WHAT YOU HAVE TO DO –
The answer must be every line from the listing that holds the string "ezdxf".

EXERCISE MATERIALS –
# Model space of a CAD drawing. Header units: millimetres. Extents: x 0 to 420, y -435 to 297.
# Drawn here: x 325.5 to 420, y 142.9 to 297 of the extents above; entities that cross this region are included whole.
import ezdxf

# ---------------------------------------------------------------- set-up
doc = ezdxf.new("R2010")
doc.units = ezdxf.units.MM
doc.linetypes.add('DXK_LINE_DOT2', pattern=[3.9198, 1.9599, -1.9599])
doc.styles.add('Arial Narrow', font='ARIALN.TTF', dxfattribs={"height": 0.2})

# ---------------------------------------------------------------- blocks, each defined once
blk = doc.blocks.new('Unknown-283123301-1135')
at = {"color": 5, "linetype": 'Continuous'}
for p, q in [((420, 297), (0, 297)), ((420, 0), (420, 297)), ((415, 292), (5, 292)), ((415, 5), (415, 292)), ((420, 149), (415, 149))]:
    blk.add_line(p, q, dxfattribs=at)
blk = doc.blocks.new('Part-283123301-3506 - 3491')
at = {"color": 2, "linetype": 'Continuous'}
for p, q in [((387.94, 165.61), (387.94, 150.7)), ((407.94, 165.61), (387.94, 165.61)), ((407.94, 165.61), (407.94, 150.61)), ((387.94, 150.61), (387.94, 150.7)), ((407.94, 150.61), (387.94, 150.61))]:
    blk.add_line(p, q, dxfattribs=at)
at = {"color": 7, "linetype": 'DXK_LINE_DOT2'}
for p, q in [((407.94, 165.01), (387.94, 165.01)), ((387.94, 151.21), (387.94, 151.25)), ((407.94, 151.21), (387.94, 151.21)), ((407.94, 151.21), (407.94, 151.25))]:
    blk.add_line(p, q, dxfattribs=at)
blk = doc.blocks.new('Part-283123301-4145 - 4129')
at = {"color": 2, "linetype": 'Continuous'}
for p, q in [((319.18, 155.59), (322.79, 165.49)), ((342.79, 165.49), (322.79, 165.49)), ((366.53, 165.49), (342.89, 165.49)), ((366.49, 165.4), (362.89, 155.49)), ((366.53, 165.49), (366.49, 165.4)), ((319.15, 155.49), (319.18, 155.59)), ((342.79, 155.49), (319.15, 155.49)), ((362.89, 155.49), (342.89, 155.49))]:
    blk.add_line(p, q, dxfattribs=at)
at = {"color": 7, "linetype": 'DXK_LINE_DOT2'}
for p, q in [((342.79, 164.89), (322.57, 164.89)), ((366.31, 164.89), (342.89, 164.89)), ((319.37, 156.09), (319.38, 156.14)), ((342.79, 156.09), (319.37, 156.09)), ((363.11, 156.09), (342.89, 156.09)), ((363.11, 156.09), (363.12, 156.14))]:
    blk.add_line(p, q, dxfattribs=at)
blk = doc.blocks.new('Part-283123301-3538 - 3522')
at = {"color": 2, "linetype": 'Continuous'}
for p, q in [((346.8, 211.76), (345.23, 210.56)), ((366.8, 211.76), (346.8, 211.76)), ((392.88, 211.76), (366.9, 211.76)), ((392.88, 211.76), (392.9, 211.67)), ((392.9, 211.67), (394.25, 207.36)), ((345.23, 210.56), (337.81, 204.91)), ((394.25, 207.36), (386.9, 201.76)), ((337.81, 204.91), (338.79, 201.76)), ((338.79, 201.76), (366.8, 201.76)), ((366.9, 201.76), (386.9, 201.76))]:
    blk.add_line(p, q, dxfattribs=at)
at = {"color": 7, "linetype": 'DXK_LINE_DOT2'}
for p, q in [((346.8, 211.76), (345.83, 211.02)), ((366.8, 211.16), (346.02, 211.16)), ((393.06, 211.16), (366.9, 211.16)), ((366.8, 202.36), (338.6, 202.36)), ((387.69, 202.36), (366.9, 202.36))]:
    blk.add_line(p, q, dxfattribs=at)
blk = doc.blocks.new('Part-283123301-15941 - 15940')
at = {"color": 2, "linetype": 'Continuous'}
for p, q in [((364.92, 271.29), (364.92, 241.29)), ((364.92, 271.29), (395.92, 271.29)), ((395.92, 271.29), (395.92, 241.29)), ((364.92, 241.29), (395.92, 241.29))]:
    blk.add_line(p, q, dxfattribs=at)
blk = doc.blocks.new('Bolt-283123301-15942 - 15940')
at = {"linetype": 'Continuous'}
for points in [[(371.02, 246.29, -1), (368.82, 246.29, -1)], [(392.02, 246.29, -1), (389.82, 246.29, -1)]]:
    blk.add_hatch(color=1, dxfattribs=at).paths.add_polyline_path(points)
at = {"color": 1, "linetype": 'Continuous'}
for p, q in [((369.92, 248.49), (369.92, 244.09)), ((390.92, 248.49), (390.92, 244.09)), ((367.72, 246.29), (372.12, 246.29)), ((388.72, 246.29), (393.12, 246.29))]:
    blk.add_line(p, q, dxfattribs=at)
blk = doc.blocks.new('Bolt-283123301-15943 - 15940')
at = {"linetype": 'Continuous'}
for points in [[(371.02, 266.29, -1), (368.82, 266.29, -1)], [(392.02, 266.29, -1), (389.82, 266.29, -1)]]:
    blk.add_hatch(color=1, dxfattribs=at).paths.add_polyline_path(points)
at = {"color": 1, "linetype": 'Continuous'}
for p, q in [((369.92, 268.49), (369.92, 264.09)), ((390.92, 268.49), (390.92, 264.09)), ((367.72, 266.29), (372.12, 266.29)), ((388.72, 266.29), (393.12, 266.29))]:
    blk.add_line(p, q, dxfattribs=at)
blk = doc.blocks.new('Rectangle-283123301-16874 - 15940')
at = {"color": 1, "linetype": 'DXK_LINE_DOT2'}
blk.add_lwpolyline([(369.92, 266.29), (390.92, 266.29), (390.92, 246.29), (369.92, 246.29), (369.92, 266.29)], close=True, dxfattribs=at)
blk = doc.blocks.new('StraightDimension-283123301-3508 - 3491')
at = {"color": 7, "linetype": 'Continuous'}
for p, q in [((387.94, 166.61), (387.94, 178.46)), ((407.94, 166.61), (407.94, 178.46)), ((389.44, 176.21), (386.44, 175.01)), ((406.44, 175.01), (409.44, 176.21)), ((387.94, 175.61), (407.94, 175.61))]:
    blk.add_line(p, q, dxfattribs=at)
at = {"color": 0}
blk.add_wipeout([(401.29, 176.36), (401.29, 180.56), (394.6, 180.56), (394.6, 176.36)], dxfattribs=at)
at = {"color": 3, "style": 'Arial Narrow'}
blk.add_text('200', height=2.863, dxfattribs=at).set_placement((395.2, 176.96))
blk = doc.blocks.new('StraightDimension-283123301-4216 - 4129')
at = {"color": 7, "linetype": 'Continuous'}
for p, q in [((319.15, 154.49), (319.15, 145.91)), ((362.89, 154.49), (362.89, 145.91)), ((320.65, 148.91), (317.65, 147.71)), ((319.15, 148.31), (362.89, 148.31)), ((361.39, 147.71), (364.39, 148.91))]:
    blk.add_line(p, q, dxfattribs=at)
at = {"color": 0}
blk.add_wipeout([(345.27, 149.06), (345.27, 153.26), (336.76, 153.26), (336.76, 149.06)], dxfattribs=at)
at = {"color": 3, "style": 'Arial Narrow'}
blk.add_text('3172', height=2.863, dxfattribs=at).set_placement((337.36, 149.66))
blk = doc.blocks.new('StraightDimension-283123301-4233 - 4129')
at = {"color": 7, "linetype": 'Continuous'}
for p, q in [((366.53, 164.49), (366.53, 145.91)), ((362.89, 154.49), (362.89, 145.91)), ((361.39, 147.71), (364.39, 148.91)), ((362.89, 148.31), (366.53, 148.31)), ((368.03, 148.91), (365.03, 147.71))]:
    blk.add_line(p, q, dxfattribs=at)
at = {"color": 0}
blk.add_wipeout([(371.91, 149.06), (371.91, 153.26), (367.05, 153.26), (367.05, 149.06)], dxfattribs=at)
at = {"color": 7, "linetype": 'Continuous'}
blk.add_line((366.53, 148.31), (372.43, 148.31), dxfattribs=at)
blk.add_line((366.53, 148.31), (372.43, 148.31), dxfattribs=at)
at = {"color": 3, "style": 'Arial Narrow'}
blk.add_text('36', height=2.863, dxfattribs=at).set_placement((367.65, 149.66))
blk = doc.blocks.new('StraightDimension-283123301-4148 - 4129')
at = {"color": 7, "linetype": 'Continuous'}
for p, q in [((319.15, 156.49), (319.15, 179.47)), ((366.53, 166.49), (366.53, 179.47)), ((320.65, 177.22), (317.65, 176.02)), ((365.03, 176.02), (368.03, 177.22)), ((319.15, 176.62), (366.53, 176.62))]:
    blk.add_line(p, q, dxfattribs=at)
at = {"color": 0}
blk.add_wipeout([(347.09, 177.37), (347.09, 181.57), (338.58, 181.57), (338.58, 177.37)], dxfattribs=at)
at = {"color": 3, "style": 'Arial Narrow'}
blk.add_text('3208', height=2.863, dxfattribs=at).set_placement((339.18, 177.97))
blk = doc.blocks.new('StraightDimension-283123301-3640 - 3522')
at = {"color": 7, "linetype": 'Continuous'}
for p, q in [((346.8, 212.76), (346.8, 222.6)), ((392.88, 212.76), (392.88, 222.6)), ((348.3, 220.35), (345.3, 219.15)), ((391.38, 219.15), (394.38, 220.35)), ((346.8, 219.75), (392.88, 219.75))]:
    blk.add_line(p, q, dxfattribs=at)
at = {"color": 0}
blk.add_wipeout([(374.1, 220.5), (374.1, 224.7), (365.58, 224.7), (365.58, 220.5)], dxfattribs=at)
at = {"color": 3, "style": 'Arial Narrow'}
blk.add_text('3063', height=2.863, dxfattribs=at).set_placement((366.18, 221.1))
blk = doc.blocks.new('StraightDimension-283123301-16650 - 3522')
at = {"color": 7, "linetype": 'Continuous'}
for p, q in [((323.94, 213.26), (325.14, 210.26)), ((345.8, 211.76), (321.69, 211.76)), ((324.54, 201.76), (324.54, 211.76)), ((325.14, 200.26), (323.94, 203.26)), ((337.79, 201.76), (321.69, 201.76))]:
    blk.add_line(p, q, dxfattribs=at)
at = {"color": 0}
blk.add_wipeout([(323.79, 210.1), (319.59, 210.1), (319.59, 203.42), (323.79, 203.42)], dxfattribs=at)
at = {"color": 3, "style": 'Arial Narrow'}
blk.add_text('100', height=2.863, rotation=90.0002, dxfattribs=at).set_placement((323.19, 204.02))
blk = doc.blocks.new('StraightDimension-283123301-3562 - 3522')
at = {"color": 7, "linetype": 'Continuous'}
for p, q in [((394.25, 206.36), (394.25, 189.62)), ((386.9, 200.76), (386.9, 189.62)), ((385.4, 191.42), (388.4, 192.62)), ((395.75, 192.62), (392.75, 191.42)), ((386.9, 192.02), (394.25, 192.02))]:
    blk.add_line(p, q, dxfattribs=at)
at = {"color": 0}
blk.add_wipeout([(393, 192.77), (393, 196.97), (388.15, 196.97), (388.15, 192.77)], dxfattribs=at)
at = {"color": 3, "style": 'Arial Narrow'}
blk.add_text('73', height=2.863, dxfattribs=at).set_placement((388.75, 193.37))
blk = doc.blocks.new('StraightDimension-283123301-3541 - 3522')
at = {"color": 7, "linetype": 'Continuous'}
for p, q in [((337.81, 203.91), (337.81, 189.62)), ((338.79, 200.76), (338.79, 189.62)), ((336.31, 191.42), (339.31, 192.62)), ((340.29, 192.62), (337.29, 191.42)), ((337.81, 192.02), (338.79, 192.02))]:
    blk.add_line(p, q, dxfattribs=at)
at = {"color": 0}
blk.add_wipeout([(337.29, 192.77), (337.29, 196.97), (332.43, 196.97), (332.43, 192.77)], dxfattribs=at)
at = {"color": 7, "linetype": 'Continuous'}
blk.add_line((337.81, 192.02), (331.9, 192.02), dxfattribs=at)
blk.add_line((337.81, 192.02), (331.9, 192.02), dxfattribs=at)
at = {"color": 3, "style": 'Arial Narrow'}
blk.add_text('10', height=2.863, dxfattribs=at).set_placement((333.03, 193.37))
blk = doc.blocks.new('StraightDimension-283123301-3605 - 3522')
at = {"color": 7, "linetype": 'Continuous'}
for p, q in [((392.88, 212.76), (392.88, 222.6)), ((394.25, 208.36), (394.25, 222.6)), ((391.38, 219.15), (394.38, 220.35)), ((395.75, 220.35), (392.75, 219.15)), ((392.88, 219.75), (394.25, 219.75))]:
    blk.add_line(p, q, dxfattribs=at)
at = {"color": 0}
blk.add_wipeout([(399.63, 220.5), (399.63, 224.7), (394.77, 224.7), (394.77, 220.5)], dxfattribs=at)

REPLY TO THE TASK –
import ezdxf
doc = ezdxf.new("R2010")
doc.units = ezdxf.units.MM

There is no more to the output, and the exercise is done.